DABench-LLM: Standardized and In-Depth Benchmarking of Post-Moore Dataflow AI Accelerators for LLMs
- URL: http://arxiv.org/abs/2601.19904v1
- Date: Thu, 04 Dec 2025 22:43:14 GMT
- Title: DABench-LLM: Standardized and In-Depth Benchmarking of Post-Moore Dataflow AI Accelerators for LLMs
- Authors: Ziyu Hu, Zhiqing Zhong, Weijian Zheng, Zhijing Ye, Xuwei Tan, Xueru Zhang, Zheng Xie, Rajkumar Kettimuthu, Xiaodong Yu,
- Abstract summary: We introduce DABench-LLM, a benchmarking framework for evaluating large language models on dataflow-based accelerators.<n>We validate DABench-LLM on three commodity dataflow accelerators, Cerebras WSE-2, SambaNova RDU, and Graphcore IPU.

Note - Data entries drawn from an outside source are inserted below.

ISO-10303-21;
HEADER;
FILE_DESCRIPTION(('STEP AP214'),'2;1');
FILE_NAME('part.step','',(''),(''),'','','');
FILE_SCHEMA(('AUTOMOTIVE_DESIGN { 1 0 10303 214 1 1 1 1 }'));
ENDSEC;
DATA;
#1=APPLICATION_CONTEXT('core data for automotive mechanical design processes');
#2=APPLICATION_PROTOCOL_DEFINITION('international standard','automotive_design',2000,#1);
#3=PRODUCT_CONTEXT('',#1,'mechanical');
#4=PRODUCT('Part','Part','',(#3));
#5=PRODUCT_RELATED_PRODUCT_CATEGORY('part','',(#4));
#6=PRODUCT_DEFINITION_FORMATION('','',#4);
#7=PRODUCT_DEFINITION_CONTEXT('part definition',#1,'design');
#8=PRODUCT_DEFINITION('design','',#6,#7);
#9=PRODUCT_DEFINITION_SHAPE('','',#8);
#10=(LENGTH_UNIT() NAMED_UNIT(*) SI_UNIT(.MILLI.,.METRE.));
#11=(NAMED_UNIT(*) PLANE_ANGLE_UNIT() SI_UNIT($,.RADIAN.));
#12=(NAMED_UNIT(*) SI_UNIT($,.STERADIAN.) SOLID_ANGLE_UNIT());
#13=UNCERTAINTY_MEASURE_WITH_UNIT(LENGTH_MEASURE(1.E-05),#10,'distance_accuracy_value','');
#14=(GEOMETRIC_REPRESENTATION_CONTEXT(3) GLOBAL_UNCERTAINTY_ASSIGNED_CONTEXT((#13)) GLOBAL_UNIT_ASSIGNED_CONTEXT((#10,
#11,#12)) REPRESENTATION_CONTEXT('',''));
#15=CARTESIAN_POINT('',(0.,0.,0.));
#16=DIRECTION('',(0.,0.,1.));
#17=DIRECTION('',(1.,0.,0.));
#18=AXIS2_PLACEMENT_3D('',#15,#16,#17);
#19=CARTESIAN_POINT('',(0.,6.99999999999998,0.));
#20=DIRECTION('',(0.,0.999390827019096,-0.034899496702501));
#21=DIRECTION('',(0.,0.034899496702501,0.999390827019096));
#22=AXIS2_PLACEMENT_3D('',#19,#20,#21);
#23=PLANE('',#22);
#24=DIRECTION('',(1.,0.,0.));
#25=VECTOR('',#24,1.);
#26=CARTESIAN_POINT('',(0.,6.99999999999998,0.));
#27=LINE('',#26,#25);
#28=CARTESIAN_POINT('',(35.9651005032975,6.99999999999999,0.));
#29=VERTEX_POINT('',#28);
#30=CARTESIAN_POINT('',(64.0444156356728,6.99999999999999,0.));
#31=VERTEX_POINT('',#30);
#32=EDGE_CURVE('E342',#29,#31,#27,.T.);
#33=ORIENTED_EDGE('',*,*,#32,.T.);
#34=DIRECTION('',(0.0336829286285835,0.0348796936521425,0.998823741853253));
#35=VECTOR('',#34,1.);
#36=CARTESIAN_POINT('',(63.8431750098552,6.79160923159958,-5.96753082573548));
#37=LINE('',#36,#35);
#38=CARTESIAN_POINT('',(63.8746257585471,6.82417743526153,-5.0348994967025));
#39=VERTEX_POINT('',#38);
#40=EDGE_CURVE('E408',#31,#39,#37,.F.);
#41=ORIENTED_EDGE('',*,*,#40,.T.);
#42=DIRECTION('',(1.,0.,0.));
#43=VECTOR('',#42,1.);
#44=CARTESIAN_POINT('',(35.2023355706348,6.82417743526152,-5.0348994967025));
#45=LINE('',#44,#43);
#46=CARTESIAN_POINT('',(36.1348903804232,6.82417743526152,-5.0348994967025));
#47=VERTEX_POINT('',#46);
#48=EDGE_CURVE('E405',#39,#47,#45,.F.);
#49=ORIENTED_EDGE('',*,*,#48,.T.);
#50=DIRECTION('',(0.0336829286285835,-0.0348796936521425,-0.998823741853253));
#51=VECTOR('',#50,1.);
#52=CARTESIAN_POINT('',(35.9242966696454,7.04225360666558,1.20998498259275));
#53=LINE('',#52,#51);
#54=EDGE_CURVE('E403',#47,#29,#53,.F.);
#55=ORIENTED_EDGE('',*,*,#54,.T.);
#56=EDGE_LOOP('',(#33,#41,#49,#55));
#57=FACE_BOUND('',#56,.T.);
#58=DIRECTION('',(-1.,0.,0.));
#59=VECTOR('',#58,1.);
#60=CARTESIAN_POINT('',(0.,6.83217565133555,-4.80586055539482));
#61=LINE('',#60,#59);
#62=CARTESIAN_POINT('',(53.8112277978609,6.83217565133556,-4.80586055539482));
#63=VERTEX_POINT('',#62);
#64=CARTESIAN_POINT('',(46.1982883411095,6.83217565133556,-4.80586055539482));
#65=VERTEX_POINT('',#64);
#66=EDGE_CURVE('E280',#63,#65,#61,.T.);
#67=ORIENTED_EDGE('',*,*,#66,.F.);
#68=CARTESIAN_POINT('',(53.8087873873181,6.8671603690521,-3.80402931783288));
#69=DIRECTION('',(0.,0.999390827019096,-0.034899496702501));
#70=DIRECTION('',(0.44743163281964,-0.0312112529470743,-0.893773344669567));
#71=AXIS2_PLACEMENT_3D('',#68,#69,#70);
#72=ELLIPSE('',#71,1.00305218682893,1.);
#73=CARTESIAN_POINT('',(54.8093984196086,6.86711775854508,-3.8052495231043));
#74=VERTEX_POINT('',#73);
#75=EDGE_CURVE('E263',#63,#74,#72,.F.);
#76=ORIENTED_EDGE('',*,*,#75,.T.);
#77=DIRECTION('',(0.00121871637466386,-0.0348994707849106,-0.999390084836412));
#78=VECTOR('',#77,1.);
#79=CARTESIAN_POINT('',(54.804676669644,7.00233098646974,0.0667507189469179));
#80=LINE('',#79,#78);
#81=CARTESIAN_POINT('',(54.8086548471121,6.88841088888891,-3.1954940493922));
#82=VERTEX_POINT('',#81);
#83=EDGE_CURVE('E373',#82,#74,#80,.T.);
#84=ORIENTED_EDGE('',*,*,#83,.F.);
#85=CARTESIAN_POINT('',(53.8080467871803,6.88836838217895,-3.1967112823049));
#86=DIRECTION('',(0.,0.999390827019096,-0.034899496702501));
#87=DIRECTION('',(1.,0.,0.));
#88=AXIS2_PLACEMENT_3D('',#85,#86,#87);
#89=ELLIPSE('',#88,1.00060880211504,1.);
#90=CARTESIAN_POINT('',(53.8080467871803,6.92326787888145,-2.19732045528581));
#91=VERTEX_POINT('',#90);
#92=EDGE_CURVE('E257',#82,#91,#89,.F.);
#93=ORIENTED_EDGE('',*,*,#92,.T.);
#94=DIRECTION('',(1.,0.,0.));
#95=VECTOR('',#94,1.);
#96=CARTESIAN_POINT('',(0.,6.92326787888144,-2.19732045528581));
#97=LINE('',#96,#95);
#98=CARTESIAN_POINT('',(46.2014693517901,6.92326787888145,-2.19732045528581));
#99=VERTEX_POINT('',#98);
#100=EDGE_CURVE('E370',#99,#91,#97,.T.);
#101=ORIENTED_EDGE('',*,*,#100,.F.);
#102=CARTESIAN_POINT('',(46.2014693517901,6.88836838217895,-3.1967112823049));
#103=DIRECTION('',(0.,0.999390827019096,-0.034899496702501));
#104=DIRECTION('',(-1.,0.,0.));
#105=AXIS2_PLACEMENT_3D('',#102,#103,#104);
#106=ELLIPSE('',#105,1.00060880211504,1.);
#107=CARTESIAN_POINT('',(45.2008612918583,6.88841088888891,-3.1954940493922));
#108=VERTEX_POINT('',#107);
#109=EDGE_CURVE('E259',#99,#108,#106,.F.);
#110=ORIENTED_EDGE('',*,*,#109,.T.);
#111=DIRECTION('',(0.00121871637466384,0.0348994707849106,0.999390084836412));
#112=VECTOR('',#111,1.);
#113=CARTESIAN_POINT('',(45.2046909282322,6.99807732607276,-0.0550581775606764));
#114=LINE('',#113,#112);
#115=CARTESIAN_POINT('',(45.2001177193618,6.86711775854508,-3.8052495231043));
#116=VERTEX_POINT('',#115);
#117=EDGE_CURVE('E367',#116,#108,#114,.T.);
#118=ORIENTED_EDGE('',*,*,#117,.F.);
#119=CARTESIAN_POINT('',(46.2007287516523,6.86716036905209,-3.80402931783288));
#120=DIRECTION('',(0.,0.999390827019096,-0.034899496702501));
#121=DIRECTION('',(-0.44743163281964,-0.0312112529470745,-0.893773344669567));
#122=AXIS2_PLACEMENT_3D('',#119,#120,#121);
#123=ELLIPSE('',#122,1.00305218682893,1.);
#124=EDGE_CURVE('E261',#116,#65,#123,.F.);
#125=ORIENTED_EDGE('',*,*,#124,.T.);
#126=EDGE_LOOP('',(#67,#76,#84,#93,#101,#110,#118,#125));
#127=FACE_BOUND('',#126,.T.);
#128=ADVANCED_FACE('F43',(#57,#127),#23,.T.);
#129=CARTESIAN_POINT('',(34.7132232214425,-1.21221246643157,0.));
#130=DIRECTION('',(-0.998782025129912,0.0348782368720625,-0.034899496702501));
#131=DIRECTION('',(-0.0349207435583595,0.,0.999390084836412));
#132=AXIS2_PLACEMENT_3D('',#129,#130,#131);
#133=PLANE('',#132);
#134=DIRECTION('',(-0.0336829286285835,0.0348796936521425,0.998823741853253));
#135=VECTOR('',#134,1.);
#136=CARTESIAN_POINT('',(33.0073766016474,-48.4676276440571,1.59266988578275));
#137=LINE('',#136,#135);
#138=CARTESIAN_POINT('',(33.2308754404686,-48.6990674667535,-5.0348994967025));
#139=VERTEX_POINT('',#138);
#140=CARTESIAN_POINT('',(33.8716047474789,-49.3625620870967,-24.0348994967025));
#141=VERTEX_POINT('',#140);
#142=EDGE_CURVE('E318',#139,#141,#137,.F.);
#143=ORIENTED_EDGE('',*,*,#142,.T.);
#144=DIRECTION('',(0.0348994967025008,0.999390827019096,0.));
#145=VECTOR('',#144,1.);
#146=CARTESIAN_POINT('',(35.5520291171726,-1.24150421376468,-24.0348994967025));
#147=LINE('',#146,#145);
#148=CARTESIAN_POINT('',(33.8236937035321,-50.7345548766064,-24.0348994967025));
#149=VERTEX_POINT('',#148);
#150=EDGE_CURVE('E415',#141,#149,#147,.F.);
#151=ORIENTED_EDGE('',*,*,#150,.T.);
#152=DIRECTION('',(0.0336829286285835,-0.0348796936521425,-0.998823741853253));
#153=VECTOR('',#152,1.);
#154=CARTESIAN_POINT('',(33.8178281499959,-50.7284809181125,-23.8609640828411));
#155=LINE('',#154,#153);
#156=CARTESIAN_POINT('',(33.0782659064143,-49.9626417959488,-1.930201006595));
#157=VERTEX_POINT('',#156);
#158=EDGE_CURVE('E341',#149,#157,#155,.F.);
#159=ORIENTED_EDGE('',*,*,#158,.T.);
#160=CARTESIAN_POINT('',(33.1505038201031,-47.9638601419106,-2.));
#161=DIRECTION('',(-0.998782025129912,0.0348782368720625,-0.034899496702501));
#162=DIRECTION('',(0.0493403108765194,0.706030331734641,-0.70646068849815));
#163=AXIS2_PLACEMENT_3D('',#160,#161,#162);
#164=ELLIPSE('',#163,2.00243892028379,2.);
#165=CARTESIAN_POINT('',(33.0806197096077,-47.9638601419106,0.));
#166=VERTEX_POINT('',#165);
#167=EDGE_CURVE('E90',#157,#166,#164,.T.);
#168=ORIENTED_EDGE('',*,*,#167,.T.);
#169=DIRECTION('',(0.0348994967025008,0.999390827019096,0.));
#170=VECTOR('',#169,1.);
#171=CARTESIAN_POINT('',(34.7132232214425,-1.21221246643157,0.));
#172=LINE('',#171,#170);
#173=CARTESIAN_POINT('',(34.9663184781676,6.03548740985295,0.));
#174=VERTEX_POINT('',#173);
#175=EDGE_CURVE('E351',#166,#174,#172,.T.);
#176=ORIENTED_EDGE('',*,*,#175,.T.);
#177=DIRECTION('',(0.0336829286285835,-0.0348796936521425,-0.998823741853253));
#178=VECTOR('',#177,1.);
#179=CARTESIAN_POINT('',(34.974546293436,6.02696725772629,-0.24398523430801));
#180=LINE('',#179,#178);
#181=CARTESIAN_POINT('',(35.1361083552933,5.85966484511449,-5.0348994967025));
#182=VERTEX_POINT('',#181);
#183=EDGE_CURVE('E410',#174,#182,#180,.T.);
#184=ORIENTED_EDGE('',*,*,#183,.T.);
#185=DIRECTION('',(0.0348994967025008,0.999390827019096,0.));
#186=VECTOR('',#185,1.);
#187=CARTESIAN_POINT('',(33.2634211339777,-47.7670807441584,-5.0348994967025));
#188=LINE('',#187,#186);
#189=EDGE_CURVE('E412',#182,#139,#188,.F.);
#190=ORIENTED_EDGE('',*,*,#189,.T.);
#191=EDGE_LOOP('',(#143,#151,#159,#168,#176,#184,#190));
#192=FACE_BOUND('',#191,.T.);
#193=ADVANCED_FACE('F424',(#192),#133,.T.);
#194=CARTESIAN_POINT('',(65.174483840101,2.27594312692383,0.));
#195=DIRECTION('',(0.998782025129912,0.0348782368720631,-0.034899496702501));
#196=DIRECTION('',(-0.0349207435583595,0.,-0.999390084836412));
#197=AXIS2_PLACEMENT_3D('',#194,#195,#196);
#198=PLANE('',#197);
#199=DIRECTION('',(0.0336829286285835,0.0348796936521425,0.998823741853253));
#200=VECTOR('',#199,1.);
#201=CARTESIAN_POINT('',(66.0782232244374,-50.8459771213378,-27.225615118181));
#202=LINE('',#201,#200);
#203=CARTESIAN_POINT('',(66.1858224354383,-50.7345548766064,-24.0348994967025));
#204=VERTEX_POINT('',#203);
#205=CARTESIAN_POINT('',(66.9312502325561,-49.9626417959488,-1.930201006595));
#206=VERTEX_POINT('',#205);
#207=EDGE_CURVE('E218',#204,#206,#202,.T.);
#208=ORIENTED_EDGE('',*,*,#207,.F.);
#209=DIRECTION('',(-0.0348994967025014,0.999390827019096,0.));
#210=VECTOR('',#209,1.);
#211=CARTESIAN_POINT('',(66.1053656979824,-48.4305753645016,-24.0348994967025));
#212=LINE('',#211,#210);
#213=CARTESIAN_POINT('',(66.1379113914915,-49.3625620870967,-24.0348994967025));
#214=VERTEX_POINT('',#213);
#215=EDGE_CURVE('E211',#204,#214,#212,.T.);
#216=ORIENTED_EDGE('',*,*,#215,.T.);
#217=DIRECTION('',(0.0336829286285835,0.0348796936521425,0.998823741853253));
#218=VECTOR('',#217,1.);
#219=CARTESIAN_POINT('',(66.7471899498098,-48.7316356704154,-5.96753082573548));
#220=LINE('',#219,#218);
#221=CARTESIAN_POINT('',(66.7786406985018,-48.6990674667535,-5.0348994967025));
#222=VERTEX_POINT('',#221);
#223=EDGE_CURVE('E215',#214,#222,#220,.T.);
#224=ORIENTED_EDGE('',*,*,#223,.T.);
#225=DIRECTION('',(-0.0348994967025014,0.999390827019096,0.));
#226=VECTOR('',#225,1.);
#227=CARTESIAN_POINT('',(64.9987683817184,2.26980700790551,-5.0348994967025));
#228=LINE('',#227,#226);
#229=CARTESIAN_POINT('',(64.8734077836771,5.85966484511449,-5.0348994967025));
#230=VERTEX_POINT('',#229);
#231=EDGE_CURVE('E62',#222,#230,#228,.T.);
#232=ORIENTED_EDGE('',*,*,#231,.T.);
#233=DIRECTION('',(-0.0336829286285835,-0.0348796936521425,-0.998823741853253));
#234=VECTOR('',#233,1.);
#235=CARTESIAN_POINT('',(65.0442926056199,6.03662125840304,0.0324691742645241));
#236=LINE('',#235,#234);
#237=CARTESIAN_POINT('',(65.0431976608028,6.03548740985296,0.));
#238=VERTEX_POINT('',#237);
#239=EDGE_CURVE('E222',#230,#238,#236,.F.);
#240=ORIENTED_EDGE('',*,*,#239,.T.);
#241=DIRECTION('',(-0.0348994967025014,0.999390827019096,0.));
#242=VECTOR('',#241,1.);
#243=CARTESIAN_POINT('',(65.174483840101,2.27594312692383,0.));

- Score: 18.46752801066992
- License: http://creativecommons.org/licenses/by/4.0/
- Abstract: The exponential growth of large language models has outpaced the capabilities of traditional CPU and GPU architectures due to the slowdown of Moore's Law. Dataflow AI accelerators present a promising alternative; however, there remains a lack of in-depth performance analysis and standardized benchmarking methodologies for LLM training. We introduce DABench-LLM, the first benchmarking framework designed for evaluating LLM workloads on dataflow-based accelerators. By combining intra-chip performance profiling and inter-chip scalability analysis, DABench-LLM enables comprehensive evaluation across key metrics such as resource allocation, load balance, and resource efficiency. The framework helps researchers rapidly gain insights into underlying hardware and system behaviors, and provides guidance for performance optimizations. We validate DABench-LLM on three commodity dataflow accelerators, Cerebras WSE-2, SambaNova RDU, and Graphcore IPU. Our framework reveals performance bottlenecks and provides specific optimization strategies, demonstrating its generality and effectiveness across a diverse range of dataflow-based AI hardware platforms.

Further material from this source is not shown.